- **ASSIGNMENT**
In the entries, find all lines that hold the word "WALL" and copy them.

- **RECORDS**

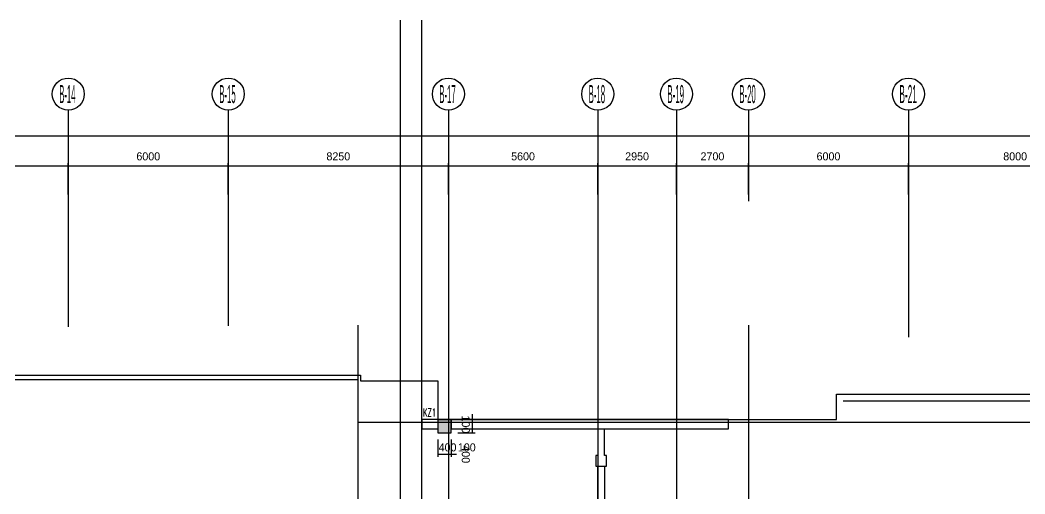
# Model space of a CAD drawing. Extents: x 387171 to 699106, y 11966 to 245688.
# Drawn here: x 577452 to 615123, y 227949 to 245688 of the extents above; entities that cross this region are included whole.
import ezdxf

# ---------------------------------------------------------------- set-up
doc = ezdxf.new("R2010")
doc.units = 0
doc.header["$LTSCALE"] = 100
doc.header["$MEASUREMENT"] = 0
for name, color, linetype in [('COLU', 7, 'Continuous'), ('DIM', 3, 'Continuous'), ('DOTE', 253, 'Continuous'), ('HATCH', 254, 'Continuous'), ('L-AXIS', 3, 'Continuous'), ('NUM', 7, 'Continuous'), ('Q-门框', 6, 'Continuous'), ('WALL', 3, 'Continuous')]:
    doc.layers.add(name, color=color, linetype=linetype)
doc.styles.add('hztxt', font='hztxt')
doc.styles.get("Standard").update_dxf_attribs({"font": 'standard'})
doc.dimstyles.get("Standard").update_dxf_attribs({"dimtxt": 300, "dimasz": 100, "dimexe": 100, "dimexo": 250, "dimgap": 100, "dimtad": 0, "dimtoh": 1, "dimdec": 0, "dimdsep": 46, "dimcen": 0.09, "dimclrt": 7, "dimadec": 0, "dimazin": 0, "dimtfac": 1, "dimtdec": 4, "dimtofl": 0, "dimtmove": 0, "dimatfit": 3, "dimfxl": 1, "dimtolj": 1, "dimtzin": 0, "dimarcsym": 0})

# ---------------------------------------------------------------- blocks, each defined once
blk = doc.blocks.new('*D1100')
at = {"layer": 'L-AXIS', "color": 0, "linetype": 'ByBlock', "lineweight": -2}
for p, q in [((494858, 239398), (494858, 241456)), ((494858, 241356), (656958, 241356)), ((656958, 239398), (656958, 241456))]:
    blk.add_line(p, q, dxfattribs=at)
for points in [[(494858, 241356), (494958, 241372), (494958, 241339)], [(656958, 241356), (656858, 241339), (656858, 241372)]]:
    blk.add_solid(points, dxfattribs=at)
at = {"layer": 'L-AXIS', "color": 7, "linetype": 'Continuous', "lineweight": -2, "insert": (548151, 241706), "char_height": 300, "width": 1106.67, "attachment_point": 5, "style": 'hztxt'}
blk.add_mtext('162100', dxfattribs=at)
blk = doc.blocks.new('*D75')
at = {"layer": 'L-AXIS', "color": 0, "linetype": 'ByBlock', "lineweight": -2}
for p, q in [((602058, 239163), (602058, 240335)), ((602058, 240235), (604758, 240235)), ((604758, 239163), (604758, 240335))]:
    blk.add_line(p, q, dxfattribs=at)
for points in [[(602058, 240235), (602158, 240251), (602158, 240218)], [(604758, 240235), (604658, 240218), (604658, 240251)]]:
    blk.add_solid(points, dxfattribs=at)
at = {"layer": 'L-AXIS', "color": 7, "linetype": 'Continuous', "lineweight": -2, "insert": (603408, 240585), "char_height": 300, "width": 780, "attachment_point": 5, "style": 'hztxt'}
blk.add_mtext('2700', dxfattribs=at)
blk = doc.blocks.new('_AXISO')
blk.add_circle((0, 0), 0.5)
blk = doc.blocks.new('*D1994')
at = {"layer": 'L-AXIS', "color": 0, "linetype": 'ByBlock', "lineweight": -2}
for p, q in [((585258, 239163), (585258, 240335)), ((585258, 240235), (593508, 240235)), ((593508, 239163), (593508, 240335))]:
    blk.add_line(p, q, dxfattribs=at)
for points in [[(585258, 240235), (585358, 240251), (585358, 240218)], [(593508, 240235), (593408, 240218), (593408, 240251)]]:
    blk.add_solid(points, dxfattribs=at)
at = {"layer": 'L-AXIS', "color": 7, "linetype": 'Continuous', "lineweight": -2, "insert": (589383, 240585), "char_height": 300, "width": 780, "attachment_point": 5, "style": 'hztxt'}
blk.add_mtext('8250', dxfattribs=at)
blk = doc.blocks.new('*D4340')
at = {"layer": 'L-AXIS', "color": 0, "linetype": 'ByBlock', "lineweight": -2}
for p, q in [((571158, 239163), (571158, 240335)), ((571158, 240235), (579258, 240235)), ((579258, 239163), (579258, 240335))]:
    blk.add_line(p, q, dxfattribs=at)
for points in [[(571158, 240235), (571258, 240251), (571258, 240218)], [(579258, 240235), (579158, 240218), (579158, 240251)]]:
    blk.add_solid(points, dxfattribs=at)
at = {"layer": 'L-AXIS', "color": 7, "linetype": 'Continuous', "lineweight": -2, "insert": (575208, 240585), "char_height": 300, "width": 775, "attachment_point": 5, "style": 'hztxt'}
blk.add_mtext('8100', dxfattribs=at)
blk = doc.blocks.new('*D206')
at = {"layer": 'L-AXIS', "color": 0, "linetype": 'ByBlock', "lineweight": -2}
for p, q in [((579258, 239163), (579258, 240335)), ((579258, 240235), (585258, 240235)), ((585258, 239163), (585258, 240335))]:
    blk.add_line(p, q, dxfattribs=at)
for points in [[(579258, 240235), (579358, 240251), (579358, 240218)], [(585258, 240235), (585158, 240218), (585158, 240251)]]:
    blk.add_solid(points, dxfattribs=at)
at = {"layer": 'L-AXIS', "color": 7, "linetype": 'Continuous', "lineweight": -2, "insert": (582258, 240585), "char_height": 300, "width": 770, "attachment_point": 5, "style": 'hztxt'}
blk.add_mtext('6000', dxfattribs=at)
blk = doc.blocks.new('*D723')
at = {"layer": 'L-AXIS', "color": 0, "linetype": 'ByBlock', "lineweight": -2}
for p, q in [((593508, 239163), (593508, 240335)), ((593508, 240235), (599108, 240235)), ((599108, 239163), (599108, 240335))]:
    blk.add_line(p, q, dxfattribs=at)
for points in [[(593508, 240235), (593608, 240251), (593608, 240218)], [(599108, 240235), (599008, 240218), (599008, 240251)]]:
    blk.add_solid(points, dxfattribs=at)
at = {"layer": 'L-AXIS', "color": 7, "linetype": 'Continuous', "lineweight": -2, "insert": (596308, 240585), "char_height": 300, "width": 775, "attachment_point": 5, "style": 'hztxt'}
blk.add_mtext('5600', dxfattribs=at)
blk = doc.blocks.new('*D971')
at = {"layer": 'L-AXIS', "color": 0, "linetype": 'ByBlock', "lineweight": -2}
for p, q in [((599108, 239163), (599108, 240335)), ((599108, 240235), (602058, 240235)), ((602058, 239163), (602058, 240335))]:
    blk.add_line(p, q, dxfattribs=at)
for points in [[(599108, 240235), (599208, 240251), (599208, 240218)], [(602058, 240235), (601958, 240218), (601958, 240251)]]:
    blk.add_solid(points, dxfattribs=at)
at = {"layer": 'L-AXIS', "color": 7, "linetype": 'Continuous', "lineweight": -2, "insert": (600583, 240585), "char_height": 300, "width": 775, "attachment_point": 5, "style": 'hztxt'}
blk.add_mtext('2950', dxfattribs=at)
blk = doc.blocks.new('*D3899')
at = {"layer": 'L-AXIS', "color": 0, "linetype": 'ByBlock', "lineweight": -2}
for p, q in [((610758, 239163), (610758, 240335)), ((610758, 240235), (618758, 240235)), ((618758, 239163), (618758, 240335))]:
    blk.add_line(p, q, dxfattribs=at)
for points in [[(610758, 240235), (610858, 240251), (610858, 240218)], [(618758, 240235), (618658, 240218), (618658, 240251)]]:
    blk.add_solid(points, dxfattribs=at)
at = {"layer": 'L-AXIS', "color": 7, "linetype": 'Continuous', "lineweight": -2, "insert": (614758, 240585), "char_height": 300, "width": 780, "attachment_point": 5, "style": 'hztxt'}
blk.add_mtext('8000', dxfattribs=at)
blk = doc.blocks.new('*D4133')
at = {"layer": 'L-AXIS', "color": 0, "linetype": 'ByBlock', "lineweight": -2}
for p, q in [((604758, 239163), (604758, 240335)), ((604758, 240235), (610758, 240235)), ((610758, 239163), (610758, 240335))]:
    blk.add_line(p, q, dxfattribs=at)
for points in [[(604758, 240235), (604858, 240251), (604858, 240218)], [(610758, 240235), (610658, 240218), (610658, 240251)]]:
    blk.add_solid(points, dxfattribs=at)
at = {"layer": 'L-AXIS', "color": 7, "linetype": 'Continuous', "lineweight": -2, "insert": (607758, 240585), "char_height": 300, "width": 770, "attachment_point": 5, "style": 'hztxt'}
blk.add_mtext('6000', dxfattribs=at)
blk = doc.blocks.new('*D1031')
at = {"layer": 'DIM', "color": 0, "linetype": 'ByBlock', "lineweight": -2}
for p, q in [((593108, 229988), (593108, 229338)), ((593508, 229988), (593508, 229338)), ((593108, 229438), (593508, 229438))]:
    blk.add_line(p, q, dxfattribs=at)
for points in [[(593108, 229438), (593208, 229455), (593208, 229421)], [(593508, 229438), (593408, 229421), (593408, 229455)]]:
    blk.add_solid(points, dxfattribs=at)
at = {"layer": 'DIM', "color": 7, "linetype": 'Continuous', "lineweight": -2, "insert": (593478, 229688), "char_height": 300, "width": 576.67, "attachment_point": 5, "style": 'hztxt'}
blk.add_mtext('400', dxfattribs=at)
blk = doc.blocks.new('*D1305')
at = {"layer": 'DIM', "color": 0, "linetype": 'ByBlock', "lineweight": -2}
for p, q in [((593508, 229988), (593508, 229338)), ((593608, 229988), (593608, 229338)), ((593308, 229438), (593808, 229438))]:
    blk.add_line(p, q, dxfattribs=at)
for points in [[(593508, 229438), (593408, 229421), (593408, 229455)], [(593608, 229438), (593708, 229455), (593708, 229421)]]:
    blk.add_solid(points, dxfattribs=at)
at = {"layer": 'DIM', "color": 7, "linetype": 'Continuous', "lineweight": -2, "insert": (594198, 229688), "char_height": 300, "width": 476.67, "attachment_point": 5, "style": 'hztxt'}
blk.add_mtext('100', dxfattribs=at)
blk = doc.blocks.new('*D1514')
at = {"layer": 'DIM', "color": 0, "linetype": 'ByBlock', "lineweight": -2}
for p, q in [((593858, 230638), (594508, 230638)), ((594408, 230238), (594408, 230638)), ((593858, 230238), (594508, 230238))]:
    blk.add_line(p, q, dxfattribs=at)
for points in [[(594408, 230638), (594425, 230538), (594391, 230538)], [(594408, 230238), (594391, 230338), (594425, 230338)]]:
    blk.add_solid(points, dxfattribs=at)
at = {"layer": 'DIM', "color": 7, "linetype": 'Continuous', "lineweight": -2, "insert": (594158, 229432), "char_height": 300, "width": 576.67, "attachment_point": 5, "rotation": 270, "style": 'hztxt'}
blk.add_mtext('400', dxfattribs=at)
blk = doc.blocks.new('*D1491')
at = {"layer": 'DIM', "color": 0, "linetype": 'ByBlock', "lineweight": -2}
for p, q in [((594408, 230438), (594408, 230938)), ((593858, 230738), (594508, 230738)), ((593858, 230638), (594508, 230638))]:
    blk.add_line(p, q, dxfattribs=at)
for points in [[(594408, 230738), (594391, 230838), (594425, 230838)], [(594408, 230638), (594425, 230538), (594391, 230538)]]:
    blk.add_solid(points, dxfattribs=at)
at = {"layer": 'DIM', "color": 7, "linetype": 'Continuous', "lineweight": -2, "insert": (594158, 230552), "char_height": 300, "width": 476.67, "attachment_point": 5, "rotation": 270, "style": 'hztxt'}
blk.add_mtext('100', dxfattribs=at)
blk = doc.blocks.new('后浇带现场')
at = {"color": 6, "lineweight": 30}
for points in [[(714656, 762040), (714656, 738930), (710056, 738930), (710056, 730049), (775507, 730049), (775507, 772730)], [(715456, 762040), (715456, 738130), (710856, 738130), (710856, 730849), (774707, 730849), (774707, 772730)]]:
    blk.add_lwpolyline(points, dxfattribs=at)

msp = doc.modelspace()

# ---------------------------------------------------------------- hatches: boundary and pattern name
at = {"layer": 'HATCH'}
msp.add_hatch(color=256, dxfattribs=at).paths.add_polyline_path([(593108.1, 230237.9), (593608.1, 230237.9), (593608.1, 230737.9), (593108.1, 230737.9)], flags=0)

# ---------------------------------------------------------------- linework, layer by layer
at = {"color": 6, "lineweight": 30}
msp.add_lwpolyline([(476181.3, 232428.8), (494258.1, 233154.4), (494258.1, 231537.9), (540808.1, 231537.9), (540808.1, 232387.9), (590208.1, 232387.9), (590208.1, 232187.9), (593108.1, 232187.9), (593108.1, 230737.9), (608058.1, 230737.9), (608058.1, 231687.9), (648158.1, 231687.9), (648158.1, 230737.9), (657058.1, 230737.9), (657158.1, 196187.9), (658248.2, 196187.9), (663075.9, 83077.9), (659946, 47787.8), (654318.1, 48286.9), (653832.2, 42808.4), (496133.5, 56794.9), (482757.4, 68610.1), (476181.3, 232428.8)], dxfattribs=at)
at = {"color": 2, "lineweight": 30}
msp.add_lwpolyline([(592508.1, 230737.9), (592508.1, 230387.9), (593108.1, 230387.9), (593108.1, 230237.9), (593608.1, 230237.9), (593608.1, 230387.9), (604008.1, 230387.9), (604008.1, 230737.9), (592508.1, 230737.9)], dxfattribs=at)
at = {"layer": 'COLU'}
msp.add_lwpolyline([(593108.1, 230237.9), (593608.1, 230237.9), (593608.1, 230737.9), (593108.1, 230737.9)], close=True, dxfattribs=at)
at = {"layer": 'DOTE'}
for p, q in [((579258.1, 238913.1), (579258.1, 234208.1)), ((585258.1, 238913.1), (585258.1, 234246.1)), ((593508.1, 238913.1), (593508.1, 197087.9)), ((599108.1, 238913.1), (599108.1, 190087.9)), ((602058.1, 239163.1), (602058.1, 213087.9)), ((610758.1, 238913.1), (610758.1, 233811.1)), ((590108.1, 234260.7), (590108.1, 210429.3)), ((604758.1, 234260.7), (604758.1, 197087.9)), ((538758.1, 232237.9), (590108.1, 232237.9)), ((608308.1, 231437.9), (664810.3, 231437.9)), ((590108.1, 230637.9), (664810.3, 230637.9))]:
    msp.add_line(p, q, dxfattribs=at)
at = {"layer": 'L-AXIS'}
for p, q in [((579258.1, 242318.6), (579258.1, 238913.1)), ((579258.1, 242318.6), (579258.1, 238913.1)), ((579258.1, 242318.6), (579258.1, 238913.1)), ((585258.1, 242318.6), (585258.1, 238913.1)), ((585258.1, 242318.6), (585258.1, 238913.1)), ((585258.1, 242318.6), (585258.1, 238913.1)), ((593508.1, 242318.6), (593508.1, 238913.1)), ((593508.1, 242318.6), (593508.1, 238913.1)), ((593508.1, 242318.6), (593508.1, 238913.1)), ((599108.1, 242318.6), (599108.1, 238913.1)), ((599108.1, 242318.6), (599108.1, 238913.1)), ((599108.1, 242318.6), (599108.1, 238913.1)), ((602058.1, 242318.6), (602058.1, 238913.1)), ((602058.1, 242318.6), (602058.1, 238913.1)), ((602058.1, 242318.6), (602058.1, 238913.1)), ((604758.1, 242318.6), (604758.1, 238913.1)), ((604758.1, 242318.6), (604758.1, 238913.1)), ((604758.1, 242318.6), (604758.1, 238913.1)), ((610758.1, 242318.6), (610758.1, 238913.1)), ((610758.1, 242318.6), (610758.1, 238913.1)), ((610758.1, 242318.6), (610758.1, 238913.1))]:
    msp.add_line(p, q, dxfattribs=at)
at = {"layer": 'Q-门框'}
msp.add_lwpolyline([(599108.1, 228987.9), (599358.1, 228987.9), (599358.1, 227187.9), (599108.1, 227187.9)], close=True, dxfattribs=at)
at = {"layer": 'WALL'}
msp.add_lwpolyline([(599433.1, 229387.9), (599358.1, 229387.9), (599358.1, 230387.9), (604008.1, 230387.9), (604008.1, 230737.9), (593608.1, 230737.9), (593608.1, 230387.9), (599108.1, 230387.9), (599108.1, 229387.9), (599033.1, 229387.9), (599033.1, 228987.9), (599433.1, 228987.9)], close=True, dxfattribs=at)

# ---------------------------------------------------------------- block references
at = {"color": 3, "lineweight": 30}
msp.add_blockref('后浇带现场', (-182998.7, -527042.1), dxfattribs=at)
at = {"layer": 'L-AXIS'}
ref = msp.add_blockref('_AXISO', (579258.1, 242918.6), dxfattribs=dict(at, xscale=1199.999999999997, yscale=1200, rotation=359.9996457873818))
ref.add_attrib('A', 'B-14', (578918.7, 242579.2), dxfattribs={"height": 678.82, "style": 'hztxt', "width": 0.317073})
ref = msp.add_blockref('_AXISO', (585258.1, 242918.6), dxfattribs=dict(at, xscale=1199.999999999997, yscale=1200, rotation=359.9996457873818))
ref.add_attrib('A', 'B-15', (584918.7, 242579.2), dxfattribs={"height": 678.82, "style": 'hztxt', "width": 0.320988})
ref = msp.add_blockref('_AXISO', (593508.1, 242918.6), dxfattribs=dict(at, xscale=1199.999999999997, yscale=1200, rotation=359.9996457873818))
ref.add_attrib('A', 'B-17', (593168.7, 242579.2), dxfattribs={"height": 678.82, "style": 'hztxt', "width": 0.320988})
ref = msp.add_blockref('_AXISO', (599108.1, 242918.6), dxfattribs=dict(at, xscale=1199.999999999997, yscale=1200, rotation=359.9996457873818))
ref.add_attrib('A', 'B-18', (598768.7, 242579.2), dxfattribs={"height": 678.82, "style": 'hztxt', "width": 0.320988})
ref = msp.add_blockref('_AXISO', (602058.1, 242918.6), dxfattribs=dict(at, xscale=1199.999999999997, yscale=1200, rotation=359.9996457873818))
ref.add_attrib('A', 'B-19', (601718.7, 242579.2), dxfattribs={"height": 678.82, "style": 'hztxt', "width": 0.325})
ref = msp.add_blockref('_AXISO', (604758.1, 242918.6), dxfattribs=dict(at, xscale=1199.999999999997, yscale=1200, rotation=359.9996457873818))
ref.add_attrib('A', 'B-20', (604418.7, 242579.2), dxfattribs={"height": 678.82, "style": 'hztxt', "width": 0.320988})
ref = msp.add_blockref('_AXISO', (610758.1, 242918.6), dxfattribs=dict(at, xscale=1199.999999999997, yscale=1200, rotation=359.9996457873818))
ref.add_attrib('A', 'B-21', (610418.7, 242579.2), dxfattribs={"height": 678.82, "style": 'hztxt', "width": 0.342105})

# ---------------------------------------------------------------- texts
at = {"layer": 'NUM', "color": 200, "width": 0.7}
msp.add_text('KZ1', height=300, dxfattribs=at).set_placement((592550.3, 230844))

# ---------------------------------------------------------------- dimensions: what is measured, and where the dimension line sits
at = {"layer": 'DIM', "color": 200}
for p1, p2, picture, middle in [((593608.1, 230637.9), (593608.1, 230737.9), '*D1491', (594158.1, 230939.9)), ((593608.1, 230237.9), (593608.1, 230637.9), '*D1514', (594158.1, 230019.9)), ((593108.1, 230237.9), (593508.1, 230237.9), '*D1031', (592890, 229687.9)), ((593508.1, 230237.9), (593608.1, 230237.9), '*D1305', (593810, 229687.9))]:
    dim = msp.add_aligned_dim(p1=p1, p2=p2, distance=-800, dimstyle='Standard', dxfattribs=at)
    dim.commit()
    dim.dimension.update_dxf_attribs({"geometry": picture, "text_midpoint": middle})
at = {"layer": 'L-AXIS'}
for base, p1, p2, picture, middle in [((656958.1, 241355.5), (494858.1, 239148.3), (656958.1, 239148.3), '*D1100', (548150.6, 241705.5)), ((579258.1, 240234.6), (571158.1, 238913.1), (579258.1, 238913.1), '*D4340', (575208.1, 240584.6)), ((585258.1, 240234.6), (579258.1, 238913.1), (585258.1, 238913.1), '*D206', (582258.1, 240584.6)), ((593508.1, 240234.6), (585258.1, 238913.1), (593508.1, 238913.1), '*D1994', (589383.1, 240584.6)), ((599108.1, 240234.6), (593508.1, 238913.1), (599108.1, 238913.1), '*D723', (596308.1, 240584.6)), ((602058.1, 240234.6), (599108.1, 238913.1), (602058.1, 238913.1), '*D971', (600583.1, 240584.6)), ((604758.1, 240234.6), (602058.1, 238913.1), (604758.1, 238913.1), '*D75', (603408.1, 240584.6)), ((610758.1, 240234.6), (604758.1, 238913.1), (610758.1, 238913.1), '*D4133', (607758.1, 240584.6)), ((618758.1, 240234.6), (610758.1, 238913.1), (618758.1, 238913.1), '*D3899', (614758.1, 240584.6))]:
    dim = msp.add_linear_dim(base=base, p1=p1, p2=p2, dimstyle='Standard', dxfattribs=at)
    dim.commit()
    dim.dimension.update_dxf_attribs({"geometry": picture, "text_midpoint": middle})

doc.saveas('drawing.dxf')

- **SOLUTION TO THE EXERCISE**
for name, color, linetype in [('COLU', 7, 'Continuous'), ('DIM', 3, 'Continuous'), ('DOTE', 253, 'Continuous'), ('HATCH', 254, 'Continuous'), ('L-AXIS', 3, 'Continuous'), ('NUM', 7, 'Continuous'), ('Q-门框', 6, 'Continuous'), ('WALL', 3, 'Continuous')]:
at = {"layer": 'WALL'}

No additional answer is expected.